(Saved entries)
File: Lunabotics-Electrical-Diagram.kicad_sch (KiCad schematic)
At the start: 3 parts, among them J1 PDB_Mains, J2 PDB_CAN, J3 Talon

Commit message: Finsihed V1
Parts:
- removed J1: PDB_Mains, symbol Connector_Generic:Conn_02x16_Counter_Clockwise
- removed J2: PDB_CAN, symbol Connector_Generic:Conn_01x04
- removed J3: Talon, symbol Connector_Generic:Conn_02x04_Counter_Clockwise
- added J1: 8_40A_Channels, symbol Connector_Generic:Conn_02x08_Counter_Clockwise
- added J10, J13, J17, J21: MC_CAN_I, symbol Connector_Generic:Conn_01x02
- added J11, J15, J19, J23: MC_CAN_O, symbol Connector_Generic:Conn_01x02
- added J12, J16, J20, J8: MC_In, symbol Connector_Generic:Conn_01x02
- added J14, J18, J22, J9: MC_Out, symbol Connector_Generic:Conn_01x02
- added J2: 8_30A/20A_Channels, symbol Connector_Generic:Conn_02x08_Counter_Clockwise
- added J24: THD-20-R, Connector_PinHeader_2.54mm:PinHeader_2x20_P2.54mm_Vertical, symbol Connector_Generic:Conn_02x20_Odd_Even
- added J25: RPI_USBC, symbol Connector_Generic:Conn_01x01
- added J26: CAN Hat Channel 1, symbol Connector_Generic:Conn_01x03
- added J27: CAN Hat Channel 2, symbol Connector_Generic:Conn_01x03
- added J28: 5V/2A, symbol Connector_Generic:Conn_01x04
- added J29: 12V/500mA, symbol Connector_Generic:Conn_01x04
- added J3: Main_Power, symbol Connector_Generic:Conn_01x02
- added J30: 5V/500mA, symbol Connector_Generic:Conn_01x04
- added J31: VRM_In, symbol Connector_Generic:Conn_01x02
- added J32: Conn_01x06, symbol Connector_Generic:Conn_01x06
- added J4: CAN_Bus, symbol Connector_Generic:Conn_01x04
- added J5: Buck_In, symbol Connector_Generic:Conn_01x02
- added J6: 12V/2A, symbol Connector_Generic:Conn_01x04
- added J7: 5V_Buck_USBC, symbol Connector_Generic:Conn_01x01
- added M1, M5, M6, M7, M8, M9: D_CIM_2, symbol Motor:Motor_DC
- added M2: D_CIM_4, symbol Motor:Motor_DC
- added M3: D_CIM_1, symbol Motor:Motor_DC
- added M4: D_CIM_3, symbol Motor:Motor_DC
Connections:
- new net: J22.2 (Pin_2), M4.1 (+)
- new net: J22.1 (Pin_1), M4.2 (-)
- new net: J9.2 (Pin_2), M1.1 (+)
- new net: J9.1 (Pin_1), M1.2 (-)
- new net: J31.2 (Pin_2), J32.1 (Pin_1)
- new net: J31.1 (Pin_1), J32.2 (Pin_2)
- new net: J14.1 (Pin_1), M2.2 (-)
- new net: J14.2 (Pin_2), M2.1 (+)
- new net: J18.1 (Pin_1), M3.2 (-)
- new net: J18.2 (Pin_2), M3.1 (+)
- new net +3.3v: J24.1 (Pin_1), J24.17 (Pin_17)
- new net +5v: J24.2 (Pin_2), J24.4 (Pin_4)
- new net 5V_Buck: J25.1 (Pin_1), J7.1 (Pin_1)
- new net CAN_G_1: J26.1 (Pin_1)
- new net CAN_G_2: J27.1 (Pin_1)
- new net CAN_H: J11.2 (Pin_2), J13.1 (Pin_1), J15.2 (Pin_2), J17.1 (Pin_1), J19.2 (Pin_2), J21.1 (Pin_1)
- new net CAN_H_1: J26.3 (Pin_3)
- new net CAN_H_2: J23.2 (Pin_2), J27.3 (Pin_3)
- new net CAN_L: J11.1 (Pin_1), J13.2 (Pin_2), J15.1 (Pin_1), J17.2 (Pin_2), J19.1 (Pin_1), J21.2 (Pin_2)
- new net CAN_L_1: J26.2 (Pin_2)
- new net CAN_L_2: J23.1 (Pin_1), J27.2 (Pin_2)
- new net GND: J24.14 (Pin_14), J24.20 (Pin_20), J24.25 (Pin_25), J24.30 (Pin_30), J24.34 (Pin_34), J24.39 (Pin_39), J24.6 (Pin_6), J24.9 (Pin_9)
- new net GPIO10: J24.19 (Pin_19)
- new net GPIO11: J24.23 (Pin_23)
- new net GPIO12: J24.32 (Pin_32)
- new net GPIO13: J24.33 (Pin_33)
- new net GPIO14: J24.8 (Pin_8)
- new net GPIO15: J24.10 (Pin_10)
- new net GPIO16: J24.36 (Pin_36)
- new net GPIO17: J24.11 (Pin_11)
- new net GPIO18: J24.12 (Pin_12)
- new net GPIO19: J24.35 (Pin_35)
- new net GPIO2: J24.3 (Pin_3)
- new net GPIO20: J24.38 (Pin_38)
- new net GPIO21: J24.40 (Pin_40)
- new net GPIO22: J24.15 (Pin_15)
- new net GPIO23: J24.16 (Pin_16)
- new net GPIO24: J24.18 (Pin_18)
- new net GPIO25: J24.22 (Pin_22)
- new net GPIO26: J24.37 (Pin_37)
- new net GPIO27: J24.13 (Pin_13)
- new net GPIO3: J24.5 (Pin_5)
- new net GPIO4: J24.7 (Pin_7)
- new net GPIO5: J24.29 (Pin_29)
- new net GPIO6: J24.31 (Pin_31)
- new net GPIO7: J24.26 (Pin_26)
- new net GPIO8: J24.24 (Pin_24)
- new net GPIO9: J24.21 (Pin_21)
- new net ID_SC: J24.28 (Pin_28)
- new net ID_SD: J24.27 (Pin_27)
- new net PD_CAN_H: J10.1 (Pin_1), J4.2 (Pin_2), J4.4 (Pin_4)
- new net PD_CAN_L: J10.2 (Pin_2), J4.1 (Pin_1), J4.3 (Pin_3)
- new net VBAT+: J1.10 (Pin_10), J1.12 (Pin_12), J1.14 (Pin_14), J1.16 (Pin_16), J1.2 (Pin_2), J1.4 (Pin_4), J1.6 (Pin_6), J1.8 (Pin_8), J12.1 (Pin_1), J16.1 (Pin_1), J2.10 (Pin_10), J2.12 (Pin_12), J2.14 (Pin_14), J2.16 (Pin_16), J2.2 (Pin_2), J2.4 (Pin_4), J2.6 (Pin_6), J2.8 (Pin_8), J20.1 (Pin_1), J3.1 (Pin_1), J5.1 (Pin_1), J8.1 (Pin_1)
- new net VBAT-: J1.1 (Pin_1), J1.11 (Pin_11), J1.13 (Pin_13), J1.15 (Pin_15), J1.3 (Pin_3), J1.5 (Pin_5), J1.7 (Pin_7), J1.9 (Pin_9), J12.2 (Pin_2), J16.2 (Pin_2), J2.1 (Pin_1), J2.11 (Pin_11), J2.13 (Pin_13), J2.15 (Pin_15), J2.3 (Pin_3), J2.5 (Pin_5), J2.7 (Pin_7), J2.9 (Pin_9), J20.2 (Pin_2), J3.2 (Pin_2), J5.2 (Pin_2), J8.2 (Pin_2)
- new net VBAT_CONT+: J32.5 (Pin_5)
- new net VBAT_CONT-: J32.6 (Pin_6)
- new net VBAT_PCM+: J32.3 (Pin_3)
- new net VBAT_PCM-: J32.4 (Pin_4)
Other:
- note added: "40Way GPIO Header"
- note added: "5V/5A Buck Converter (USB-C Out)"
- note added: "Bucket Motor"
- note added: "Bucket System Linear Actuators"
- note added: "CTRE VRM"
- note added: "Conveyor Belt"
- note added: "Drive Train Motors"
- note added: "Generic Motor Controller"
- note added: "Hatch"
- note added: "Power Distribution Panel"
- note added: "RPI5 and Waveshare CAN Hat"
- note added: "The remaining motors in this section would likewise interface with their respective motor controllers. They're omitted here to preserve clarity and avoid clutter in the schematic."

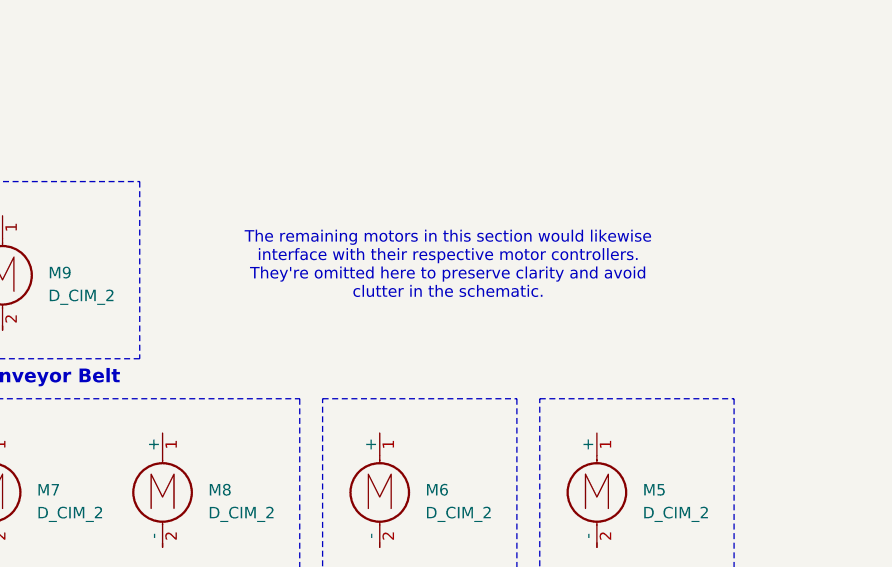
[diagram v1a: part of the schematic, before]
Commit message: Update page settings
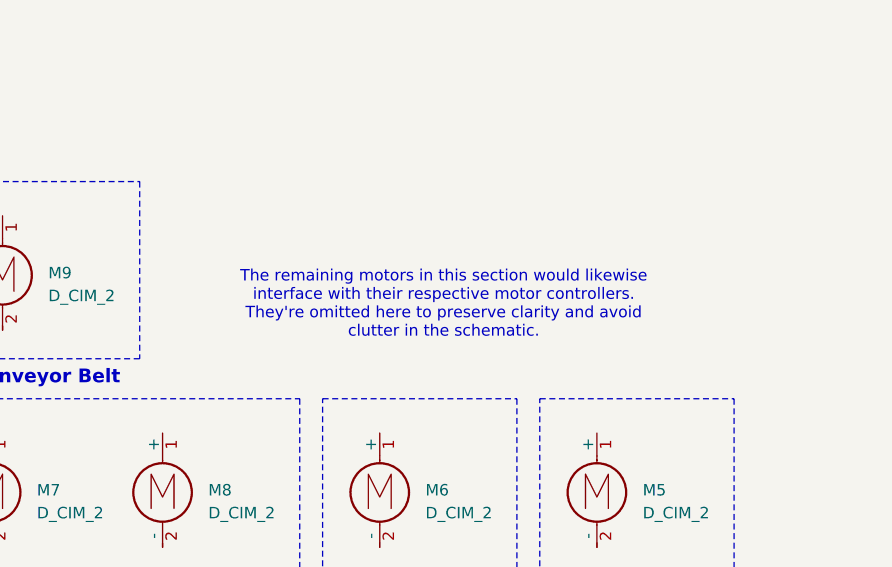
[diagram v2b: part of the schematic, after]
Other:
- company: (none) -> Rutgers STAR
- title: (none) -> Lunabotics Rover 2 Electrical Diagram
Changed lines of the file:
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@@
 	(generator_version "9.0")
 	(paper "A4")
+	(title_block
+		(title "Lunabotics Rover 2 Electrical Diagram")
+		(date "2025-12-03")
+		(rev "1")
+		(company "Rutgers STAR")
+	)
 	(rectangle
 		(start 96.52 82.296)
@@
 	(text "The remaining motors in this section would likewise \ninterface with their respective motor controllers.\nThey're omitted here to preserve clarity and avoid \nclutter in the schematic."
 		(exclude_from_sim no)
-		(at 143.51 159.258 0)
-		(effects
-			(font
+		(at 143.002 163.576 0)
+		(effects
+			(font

→ **Required work**: Would you output, from the records above, exactly the run of lines that starts at the line containing "- new net CAN_L_1: J26.2 (Pin_2)" and ends at the line containing "- new net GPIO12: J24.32 (Pin_32)", and only that run?

→ **Answer space**:
- new net CAN_L_1: J26.2 (Pin_2)
- new net CAN_L_2: J23.1 (Pin_1), J27.2 (Pin_2)
- new net GND: J24.14 (Pin_14), J24.20 (Pin_20), J24.25 (Pin_25), J24.30 (Pin_30), J24.34 (Pin_34), J24.39 (Pin_39), J24.6 (Pin_6), J24.9 (Pin_9)
- new net GPIO10: J24.19 (Pin_19)
- new net GPIO11: J24.23 (Pin_23)
- new net GPIO12: J24.32 (Pin_32)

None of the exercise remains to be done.